Deep learning is an important part of the business of Google, Amazon, Microsoft, and Facebook, as well as countless smaller companies. It has been responsible for many of the recent advances in areas such as automatic language translation, image classification, and conversational interfaces.

We haven’t gotten to the point where there is a single dominant deep learning framework. TensorFlow (Google) is very good, but has been hard to learn and use. Also TensorFlow’s dataflow graphs have been difficult to debug, which is why the TensorFlow project has been working on eager execution and the TensorFlow debugger. TensorFlow used to lack a decent high-level API for creating models; now it has three of them, including a bespoke version of Keras.

CNTK (Microsoft) and Apache MXNet (Amazon) have been the principal competitors to TensorFlow, but there are other framework lineages to consider. Caffe (Berkeley Artificial Intelligence Research Lab), originally for image classification, was expanded and updated to Caffe2 (Facebook and others) and given strong production capabilities. Torch (Facebook, Twitter, Google, and others) uses Lua scripting and a CUDA (Compute Unified Device Architecture) C/C++ back end to efficiently solve problems in machine learning, computer vision, signal processing, and other fields. Despite its strengths as a scripting language, Lua became a liability to Torch when the bulk of the deep learning community adopted Python.

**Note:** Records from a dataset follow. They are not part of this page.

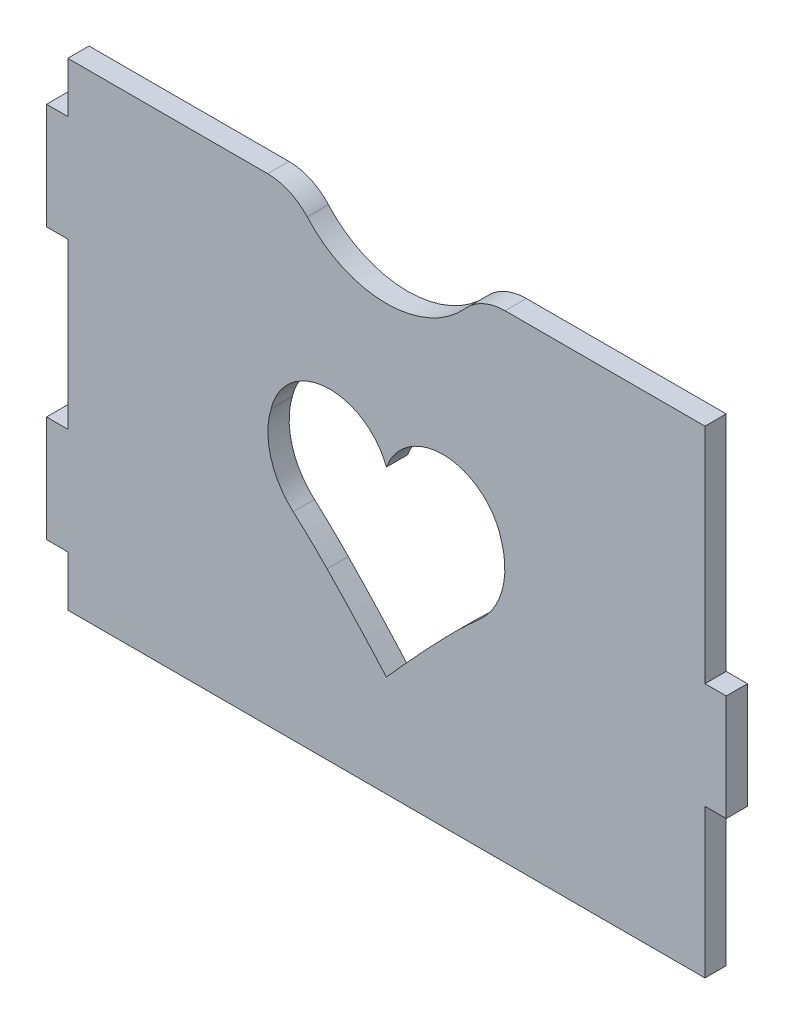
ISO-10303-21;
HEADER;
FILE_DESCRIPTION(('STEP AP214'),'2;1');
FILE_NAME('part.step','',(''),(''),'','','');
FILE_SCHEMA(('AUTOMOTIVE_DESIGN { 1 0 10303 214 1 1 1 1 }'));
ENDSEC;
DATA;
#1=APPLICATION_CONTEXT('core data for automotive mechanical design processes');
#2=APPLICATION_PROTOCOL_DEFINITION('international standard','automotive_design',2000,#1);
#3=PRODUCT_CONTEXT('',#1,'mechanical');
#4=PRODUCT('Part','Part','',(#3));
#5=PRODUCT_RELATED_PRODUCT_CATEGORY('part','',(#4));
#6=PRODUCT_DEFINITION_FORMATION('','',#4);
#7=PRODUCT_DEFINITION_CONTEXT('part definition',#1,'design');
#8=PRODUCT_DEFINITION('design','',#6,#7);
#9=PRODUCT_DEFINITION_SHAPE('','',#8);
#10=(LENGTH_UNIT() NAMED_UNIT(*) SI_UNIT(.MILLI.,.METRE.));
#11=(NAMED_UNIT(*) PLANE_ANGLE_UNIT() SI_UNIT($,.RADIAN.));
#12=(NAMED_UNIT(*) SI_UNIT($,.STERADIAN.) SOLID_ANGLE_UNIT());
#13=UNCERTAINTY_MEASURE_WITH_UNIT(LENGTH_MEASURE(1.E-05),#10,'distance_accuracy_value','');
#14=(GEOMETRIC_REPRESENTATION_CONTEXT(3) GLOBAL_UNCERTAINTY_ASSIGNED_CONTEXT((#13)) GLOBAL_UNIT_ASSIGNED_CONTEXT((#10,
#11,#12)) REPRESENTATION_CONTEXT('',''));
#15=CARTESIAN_POINT('',(0.,0.,0.));
#16=DIRECTION('',(0.,0.,1.));
#17=DIRECTION('',(1.,0.,0.));
#18=AXIS2_PLACEMENT_3D('',#15,#16,#17);
#19=CARTESIAN_POINT('',(-10.6492667971843,4.35046368248835,4.));
#20=DIRECTION('',(0.,0.,-1.));
#21=DIRECTION('',(-1.,0.,0.));
#22=AXIS2_PLACEMENT_3D('',#19,#20,#21);
#23=CYLINDRICAL_SURFACE('',#22,11.3667888290097);
#24=CARTESIAN_POINT('',(-10.6492667971843,4.35046368248835,0.));
#25=DIRECTION('',(0.,0.,1.));
#26=DIRECTION('',(1.,0.,0.));
#27=AXIS2_PLACEMENT_3D('',#24,#25,#26);
#28=CIRCLE('',#27,11.3667888290097);
#29=CARTESIAN_POINT('',(-1.26634813746307E-13,8.32500830617672,0.));
#30=VERTEX_POINT('',#29);
#31=CARTESIAN_POINT('',(-21.6936248246122,7.0385938960919,0.));
#32=VERTEX_POINT('',#31);
#33=EDGE_CURVE('E308',#30,#32,#28,.T.);
#34=ORIENTED_EDGE('',*,*,#33,.F.);
#35=DIRECTION('',(0.,0.,-1.));
#36=VECTOR('',#35,1.);
#37=CARTESIAN_POINT('',(-1.26634813746307E-13,8.32500830617672,4.));
#38=LINE('',#37,#36);
#39=CARTESIAN_POINT('',(-1.26634813746307E-13,8.32500830617672,4.));
#40=VERTEX_POINT('',#39);
#41=EDGE_CURVE('E11',#40,#30,#38,.T.);
#42=ORIENTED_EDGE('',*,*,#41,.F.);
#43=CARTESIAN_POINT('',(-10.6492667971843,4.35046368248835,4.));
#44=DIRECTION('',(0.,0.,1.));
#45=DIRECTION('',(1.,0.,0.));
#46=AXIS2_PLACEMENT_3D('',#43,#44,#45);
#47=CIRCLE('',#46,11.3667888290097);
#48=CARTESIAN_POINT('',(-21.6936248246122,7.0385938960919,4.));
#49=VERTEX_POINT('',#48);
#50=EDGE_CURVE('E444',#40,#49,#47,.T.);
#51=ORIENTED_EDGE('',*,*,#50,.T.);
#52=DIRECTION('',(0.,0.,-1.));
#53=VECTOR('',#52,1.);
#54=CARTESIAN_POINT('',(-21.6936248246122,7.0385938960919,4.));
#55=LINE('',#54,#53);
#56=EDGE_CURVE('E56',#49,#32,#55,.T.);
#57=ORIENTED_EDGE('',*,*,#56,.T.);
#58=EDGE_LOOP('',(#34,#42,#51,#57));
#59=FACE_BOUND('',#58,.T.);
#60=ADVANCED_FACE('F37',(#59),#23,.F.);
#61=CARTESIAN_POINT('',(10.649266797184,4.35046368248835,4.));
#62=DIRECTION('',(0.,0.,-1.));
#63=DIRECTION('',(-1.,0.,0.));
#64=AXIS2_PLACEMENT_3D('',#61,#62,#63);
#65=CYLINDRICAL_SURFACE('',#64,11.3667888290097);
#66=CARTESIAN_POINT('',(10.649266797184,4.35046368248835,0.));
#67=DIRECTION('',(0.,0.,1.));
#68=DIRECTION('',(1.,0.,0.));
#69=AXIS2_PLACEMENT_3D('',#66,#67,#68);
#70=CIRCLE('',#69,11.3667888290097);
#71=CARTESIAN_POINT('',(21.6936248246119,7.03859389609189,0.));
#72=VERTEX_POINT('',#71);
#73=EDGE_CURVE('E310',#30,#72,#70,.F.);
#74=ORIENTED_EDGE('',*,*,#73,.T.);
#75=DIRECTION('',(0.,0.,-1.));
#76=VECTOR('',#75,1.);
#77=CARTESIAN_POINT('',(21.6936248246119,7.03859389609189,4.));
#78=LINE('',#77,#76);
#79=CARTESIAN_POINT('',(21.6936248246119,7.03859389609189,4.));
#80=VERTEX_POINT('',#79);
#81=EDGE_CURVE('E47',#80,#72,#78,.T.);
#82=ORIENTED_EDGE('',*,*,#81,.F.);
#83=CARTESIAN_POINT('',(10.649266797184,4.35046368248835,4.));
#84=DIRECTION('',(0.,0.,1.));
#85=DIRECTION('',(1.,0.,0.));
#86=AXIS2_PLACEMENT_3D('',#83,#84,#85);
#87=CIRCLE('',#86,11.3667888290097);
#88=EDGE_CURVE('E446',#40,#80,#87,.F.);
#89=ORIENTED_EDGE('',*,*,#88,.F.);
#90=ORIENTED_EDGE('',*,*,#41,.T.);
#91=EDGE_LOOP('',(#74,#82,#89,#90));
#92=FACE_BOUND('',#91,.T.);
#93=ADVANCED_FACE('F475',(#92),#65,.F.);
#94=CARTESIAN_POINT('',(8.08489747060245,2.89555661326034,4.));
#95=DIRECTION('',(0.,0.,-1.));
#96=DIRECTION('',(-1.,0.,0.));
#97=AXIS2_PLACEMENT_3D('',#94,#95,#96);
#98=CYLINDRICAL_SURFACE('',#97,14.2254074852954);
#99=CARTESIAN_POINT('',(8.08489747060245,2.89555661326034,0.));
#100=DIRECTION('',(0.,0.,1.));
#101=DIRECTION('',(1.,0.,0.));
#102=AXIS2_PLACEMENT_3D('',#99,#100,#101);
#103=CIRCLE('',#102,14.2254074852954);
#104=CARTESIAN_POINT('',(17.5465918050056,-7.72699291333735,0.));
#105=VERTEX_POINT('',#104);
#106=EDGE_CURVE('E313',#72,#105,#103,.F.);
#107=ORIENTED_EDGE('',*,*,#106,.T.);
#108=DIRECTION('',(0.,0.,-1.));
#109=VECTOR('',#108,1.);
#110=CARTESIAN_POINT('',(17.5465918050056,-7.72699291333735,4.));
#111=LINE('',#110,#109);
#112=CARTESIAN_POINT('',(17.5465918050056,-7.72699291333735,4.));
#113=VERTEX_POINT('',#112);
#114=EDGE_CURVE('E335',#113,#105,#111,.T.);
#115=ORIENTED_EDGE('',*,*,#114,.F.);
#116=CARTESIAN_POINT('',(8.08489747060245,2.89555661326034,4.));
#117=DIRECTION('',(0.,0.,1.));
#118=DIRECTION('',(1.,0.,0.));
#119=AXIS2_PLACEMENT_3D('',#116,#117,#118);
#120=CIRCLE('',#119,14.2254074852954);
#121=EDGE_CURVE('E449',#80,#113,#120,.F.);
#122=ORIENTED_EDGE('',*,*,#121,.F.);
#123=ORIENTED_EDGE('',*,*,#81,.T.);
#124=EDGE_LOOP('',(#107,#115,#122,#123));
#125=FACE_BOUND('',#124,.T.);
#126=ADVANCED_FACE('F480',(#125),#98,.F.);
#127=CARTESIAN_POINT('',(97.3617620419237,-97.3346856637468,4.));
#128=DIRECTION('',(0.,0.,-1.));
#129=DIRECTION('',(-1.,0.,0.));
#130=AXIS2_PLACEMENT_3D('',#127,#128,#129);
#131=CYLINDRICAL_SURFACE('',#130,120.);
#132=CARTESIAN_POINT('',(97.3617620419237,-97.3346856637468,0.));
#133=DIRECTION('',(0.,0.,1.));
#134=DIRECTION('',(1.,0.,0.));
#135=AXIS2_PLACEMENT_3D('',#132,#133,#134);
#136=CIRCLE('',#135,120.);
#137=CARTESIAN_POINT('',(11.1634442061311,-13.8490581445165,0.));
#138=VERTEX_POINT('',#137);
#139=EDGE_CURVE('E316',#105,#138,#136,.T.);
#140=ORIENTED_EDGE('',*,*,#139,.T.);
#141=DIRECTION('',(0.,0.,-1.));
#142=VECTOR('',#141,1.);
#143=CARTESIAN_POINT('',(11.1634442061311,-13.8490581445165,4.));
#144=LINE('',#143,#142);
#145=CARTESIAN_POINT('',(11.1634442061311,-13.8490581445165,4.));
#146=VERTEX_POINT('',#145);
#147=EDGE_CURVE('E332',#146,#138,#144,.T.);
#148=ORIENTED_EDGE('',*,*,#147,.F.);
#149=CARTESIAN_POINT('',(97.3617620419237,-97.3346856637468,4.));
#150=DIRECTION('',(0.,0.,1.));
#151=DIRECTION('',(1.,0.,0.));
#152=AXIS2_PLACEMENT_3D('',#149,#150,#151);
#153=CIRCLE('',#152,120.);
#154=EDGE_CURVE('E452',#113,#146,#153,.T.);
#155=ORIENTED_EDGE('',*,*,#154,.F.);
#156=ORIENTED_EDGE('',*,*,#114,.T.);
#157=EDGE_LOOP('',(#140,#148,#155,#156));
#158=FACE_BOUND('',#157,.T.);
#159=ADVANCED_FACE('F456',(#158),#131,.T.);
#160=CARTESIAN_POINT('',(266.96644879788,-261.601855366494,4.));
#161=DIRECTION('',(0.,0.,-1.));
#162=DIRECTION('',(-1.,0.,0.));
#163=AXIS2_PLACEMENT_3D('',#160,#161,#162);
#164=CYLINDRICAL_SURFACE('',#163,356.113220323932);
#165=CARTESIAN_POINT('',(266.96644879788,-261.601855366494,0.));
#166=DIRECTION('',(0.,0.,1.));
#167=DIRECTION('',(1.,0.,0.));
#168=AXIS2_PLACEMENT_3D('',#165,#166,#167);
#169=CIRCLE('',#168,356.113220323932);
#170=CARTESIAN_POINT('',(0.,-25.9208402088673,0.));
#171=VERTEX_POINT('',#170);
#172=EDGE_CURVE('E319',#138,#171,#169,.T.);
#173=ORIENTED_EDGE('',*,*,#172,.T.);
#174=DIRECTION('',(0.,0.,-1.));
#175=VECTOR('',#174,1.);
#176=CARTESIAN_POINT('',(0.,-25.9208402088673,4.));
#177=LINE('',#176,#175);
#178=CARTESIAN_POINT('',(0.,-25.9208402088673,4.));
#179=VERTEX_POINT('',#178);
#180=EDGE_CURVE('E238',#179,#171,#177,.T.);
#181=ORIENTED_EDGE('',*,*,#180,.F.);
#182=CARTESIAN_POINT('',(266.96644879788,-261.601855366494,4.));
#183=DIRECTION('',(0.,0.,1.));
#184=DIRECTION('',(1.,0.,0.));
#185=AXIS2_PLACEMENT_3D('',#182,#183,#184);
#186=CIRCLE('',#185,356.113220323932);
#187=EDGE_CURVE('E247',#146,#179,#186,.T.);
#188=ORIENTED_EDGE('',*,*,#187,.F.);
#189=ORIENTED_EDGE('',*,*,#147,.T.);
#190=EDGE_LOOP('',(#173,#181,#188,#189));
#191=FACE_BOUND('',#190,.T.);
#192=ADVANCED_FACE('F458',(#191),#164,.T.);
#193=CARTESIAN_POINT('',(-266.966448797881,-261.601855366494,4.));
#194=DIRECTION('',(0.,0.,-1.));
#195=DIRECTION('',(-1.,0.,0.));
#196=AXIS2_PLACEMENT_3D('',#193,#194,#195);
#197=CYLINDRICAL_SURFACE('',#196,356.113220323932);
#198=CARTESIAN_POINT('',(-266.966448797881,-261.601855366494,0.));
#199=DIRECTION('',(0.,0.,1.));
#200=DIRECTION('',(1.,0.,0.));
#201=AXIS2_PLACEMENT_3D('',#198,#199,#200);
#202=CIRCLE('',#201,356.113220323932);
#203=CARTESIAN_POINT('',(-11.1634442061314,-13.8490581445164,0.));
#204=VERTEX_POINT('',#203);
#205=EDGE_CURVE('E234',#204,#171,#202,.F.);
#206=ORIENTED_EDGE('',*,*,#205,.F.);
#207=DIRECTION('',(0.,0.,-1.));
#208=VECTOR('',#207,1.);
#209=CARTESIAN_POINT('',(-11.1634442061314,-13.8490581445164,4.));
#210=LINE('',#209,#208);
#211=CARTESIAN_POINT('',(-11.1634442061314,-13.8490581445164,4.));
#212=VERTEX_POINT('',#211);
#213=EDGE_CURVE('E229',#212,#204,#210,.T.);
#214=ORIENTED_EDGE('',*,*,#213,.F.);
#215=CARTESIAN_POINT('',(-266.966448797881,-261.601855366494,4.));
#216=DIRECTION('',(0.,0.,1.));
#217=DIRECTION('',(1.,0.,0.));
#218=AXIS2_PLACEMENT_3D('',#215,#216,#217);
#219=CIRCLE('',#218,356.113220323932);
#220=EDGE_CURVE('E232',#212,#179,#219,.F.);
#221=ORIENTED_EDGE('',*,*,#220,.T.);
#222=ORIENTED_EDGE('',*,*,#180,.T.);
#223=EDGE_LOOP('',(#206,#214,#221,#222));
#224=FACE_BOUND('',#223,.T.);
#225=ADVANCED_FACE('F231',(#224),#197,.T.);
#226=CARTESIAN_POINT('',(-97.361762041924,-97.3346856637468,4.));
#227=DIRECTION('',(0.,0.,-1.));
#228=DIRECTION('',(-1.,0.,0.));
#229=AXIS2_PLACEMENT_3D('',#226,#227,#228);
#230=CYLINDRICAL_SURFACE('',#229,120.);
#231=CARTESIAN_POINT('',(-97.361762041924,-97.3346856637468,0.));
#232=DIRECTION('',(0.,0.,1.));
#233=DIRECTION('',(1.,0.,0.));
#234=AXIS2_PLACEMENT_3D('',#231,#232,#233);
#235=CIRCLE('',#234,120.);
#236=CARTESIAN_POINT('',(-17.5465918050059,-7.72699291333736,0.));
#237=VERTEX_POINT('',#236);
#238=EDGE_CURVE('E323',#237,#204,#235,.F.);
#239=ORIENTED_EDGE('',*,*,#238,.F.);
#240=DIRECTION('',(0.,0.,-1.));
#241=VECTOR('',#240,1.);
#242=CARTESIAN_POINT('',(-17.5465918050059,-7.72699291333736,4.));
#243=LINE('',#242,#241);
#244=CARTESIAN_POINT('',(-17.5465918050059,-7.72699291333736,4.));
#245=VERTEX_POINT('',#244);
#246=EDGE_CURVE('E141',#245,#237,#243,.T.);
#247=ORIENTED_EDGE('',*,*,#246,.F.);
#248=CARTESIAN_POINT('',(-97.361762041924,-97.3346856637468,4.));
#249=DIRECTION('',(0.,0.,1.));
#250=DIRECTION('',(1.,0.,0.));
#251=AXIS2_PLACEMENT_3D('',#248,#249,#250);
#252=CIRCLE('',#251,120.);
#253=EDGE_CURVE('E245',#245,#212,#252,.F.);
#254=ORIENTED_EDGE('',*,*,#253,.T.);
#255=ORIENTED_EDGE('',*,*,#213,.T.);
#256=EDGE_LOOP('',(#239,#247,#254,#255));
#257=FACE_BOUND('',#256,.T.);
#258=ADVANCED_FACE('F250',(#257),#230,.T.);
#259=CARTESIAN_POINT('',(22.3606797749979,35.,4.));
#260=DIRECTION('',(0.,0.,-1.));
#261=DIRECTION('',(-1.,0.,0.));
#262=AXIS2_PLACEMENT_3D('',#259,#260,#261);
#263=CYLINDRICAL_SURFACE('',#262,10.);
#264=CARTESIAN_POINT('',(22.3606797749979,35.,0.));
#265=DIRECTION('',(0.,0.,1.));
#266=DIRECTION('',(1.,0.,0.));
#267=AXIS2_PLACEMENT_3D('',#264,#265,#266);
#268=CIRCLE('',#267,10.);
#269=CARTESIAN_POINT('',(14.9071198499986,41.6666666666666,0.));
#270=VERTEX_POINT('',#269);
#271=CARTESIAN_POINT('',(22.3606797749979,45.,0.));
#272=VERTEX_POINT('',#271);
#273=EDGE_CURVE('E257',#270,#272,#268,.F.);
#274=ORIENTED_EDGE('',*,*,#273,.F.);
#275=DIRECTION('',(0.,0.,-1.));
#276=VECTOR('',#275,1.);
#277=CARTESIAN_POINT('',(14.9071198499986,41.6666666666666,4.));
#278=LINE('',#277,#276);
#279=CARTESIAN_POINT('',(14.9071198499986,41.6666666666666,4.));
#280=VERTEX_POINT('',#279);
#281=EDGE_CURVE('E41',#280,#270,#278,.T.);
#282=ORIENTED_EDGE('',*,*,#281,.F.);
#283=CARTESIAN_POINT('',(22.3606797749979,35.,4.));
#284=DIRECTION('',(0.,0.,1.));
#285=DIRECTION('',(1.,0.,0.));
#286=AXIS2_PLACEMENT_3D('',#283,#284,#285);
#287=CIRCLE('',#286,10.);
#288=CARTESIAN_POINT('',(22.3606797749979,45.,4.));
#289=VERTEX_POINT('',#288);
#290=EDGE_CURVE('E328',#280,#289,#287,.F.);
#291=ORIENTED_EDGE('',*,*,#290,.T.);
#292=DIRECTION('',(0.,0.,-1.));
#293=VECTOR('',#292,1.);
#294=CARTESIAN_POINT('',(22.3606797749979,45.,4.));
#295=LINE('',#294,#293);
#296=EDGE_CURVE('E253',#289,#272,#295,.T.);
#297=ORIENTED_EDGE('',*,*,#296,.T.);
#298=EDGE_LOOP('',(#274,#282,#291,#297));
#299=FACE_BOUND('',#298,.T.);
#300=ADVANCED_FACE('F39',(#299),#263,.T.);
#301=CARTESIAN_POINT('',(0.,55.,4.));
#302=DIRECTION('',(0.,0.,-1.));
#303=DIRECTION('',(-1.,0.,0.));
#304=AXIS2_PLACEMENT_3D('',#301,#302,#303);
#305=CYLINDRICAL_SURFACE('',#304,20.);
#306=CARTESIAN_POINT('',(0.,55.,0.));
#307=DIRECTION('',(0.,0.,1.));
#308=DIRECTION('',(1.,0.,0.));
#309=AXIS2_PLACEMENT_3D('',#306,#307,#308);
#310=CIRCLE('',#309,20.);
#311=CARTESIAN_POINT('',(-14.9071198499986,41.6666666666666,0.));
#312=VERTEX_POINT('',#311);
#313=EDGE_CURVE('E260',#312,#270,#310,.T.);
#314=ORIENTED_EDGE('',*,*,#313,.F.);
#315=DIRECTION('',(0.,0.,-1.));
#316=VECTOR('',#315,1.);
#317=CARTESIAN_POINT('',(-14.9071198499986,41.6666666666666,4.));
#318=LINE('',#317,#316);
#319=CARTESIAN_POINT('',(-14.9071198499986,41.6666666666666,4.));
#320=VERTEX_POINT('',#319);
#321=EDGE_CURVE('E379',#320,#312,#318,.T.);
#322=ORIENTED_EDGE('',*,*,#321,.F.);
#323=CARTESIAN_POINT('',(0.,55.,4.));
#324=DIRECTION('',(0.,0.,1.));
#325=DIRECTION('',(1.,0.,0.));
#326=AXIS2_PLACEMENT_3D('',#323,#324,#325);
#327=CIRCLE('',#326,20.);
#328=EDGE_CURVE('E388',#320,#280,#327,.T.);
#329=ORIENTED_EDGE('',*,*,#328,.T.);
#330=ORIENTED_EDGE('',*,*,#281,.T.);
#331=EDGE_LOOP('',(#314,#322,#329,#330));
#332=FACE_BOUND('',#331,.T.);
#333=ADVANCED_FACE('F386',(#332),#305,.F.);
#334=CARTESIAN_POINT('',(-22.3606797749979,35.,4.));
#335=DIRECTION('',(0.,0.,-1.));
#336=DIRECTION('',(-1.,0.,0.));
#337=AXIS2_PLACEMENT_3D('',#334,#335,#336);
#338=CYLINDRICAL_SURFACE('',#337,10.);
#339=CARTESIAN_POINT('',(-22.3606797749979,35.,0.));
#340=DIRECTION('',(0.,0.,1.));
#341=DIRECTION('',(1.,0.,0.));
#342=AXIS2_PLACEMENT_3D('',#339,#340,#341);
#343=CIRCLE('',#342,10.);
#344=CARTESIAN_POINT('',(-22.3606797749979,45.,0.));
#345=VERTEX_POINT('',#344);
#346=EDGE_CURVE('E263',#345,#312,#343,.F.);
#347=ORIENTED_EDGE('',*,*,#346,.F.);
#348=DIRECTION('',(0.,0.,-1.));
#349=VECTOR('',#348,1.);
#350=CARTESIAN_POINT('',(-22.3606797749979,45.,4.));
#351=LINE('',#350,#349);
#352=CARTESIAN_POINT('',(-22.3606797749979,45.,4.));
#353=VERTEX_POINT('',#352);
#354=EDGE_CURVE('E378',#353,#345,#351,.T.);
#355=ORIENTED_EDGE('',*,*,#354,.F.);
#356=CARTESIAN_POINT('',(-22.3606797749979,35.,4.));
#357=DIRECTION('',(0.,0.,1.));
#358=DIRECTION('',(1.,0.,0.));
#359=AXIS2_PLACEMENT_3D('',#356,#357,#358);
#360=CIRCLE('',#359,10.);
#361=EDGE_CURVE('E397',#353,#320,#360,.F.);
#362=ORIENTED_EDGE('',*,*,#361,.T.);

CUDA is Nvidia’s API for its general purpose GPUs. GPUs are much faster than CPUs for training and making predictions from deep neural networks; so are Google’s TPUs (tensor processing units) and FPGAs (field programmable gate arrays), which are available for use on AWS, Microsoft Azure, and elsewhere. In some cases, the use of advanced chips (GPUs, TPUs, or FPGAs) can speed up computations over CPUs by 50x per chip used, reducing training times from weeks to hours or from hours to minutes.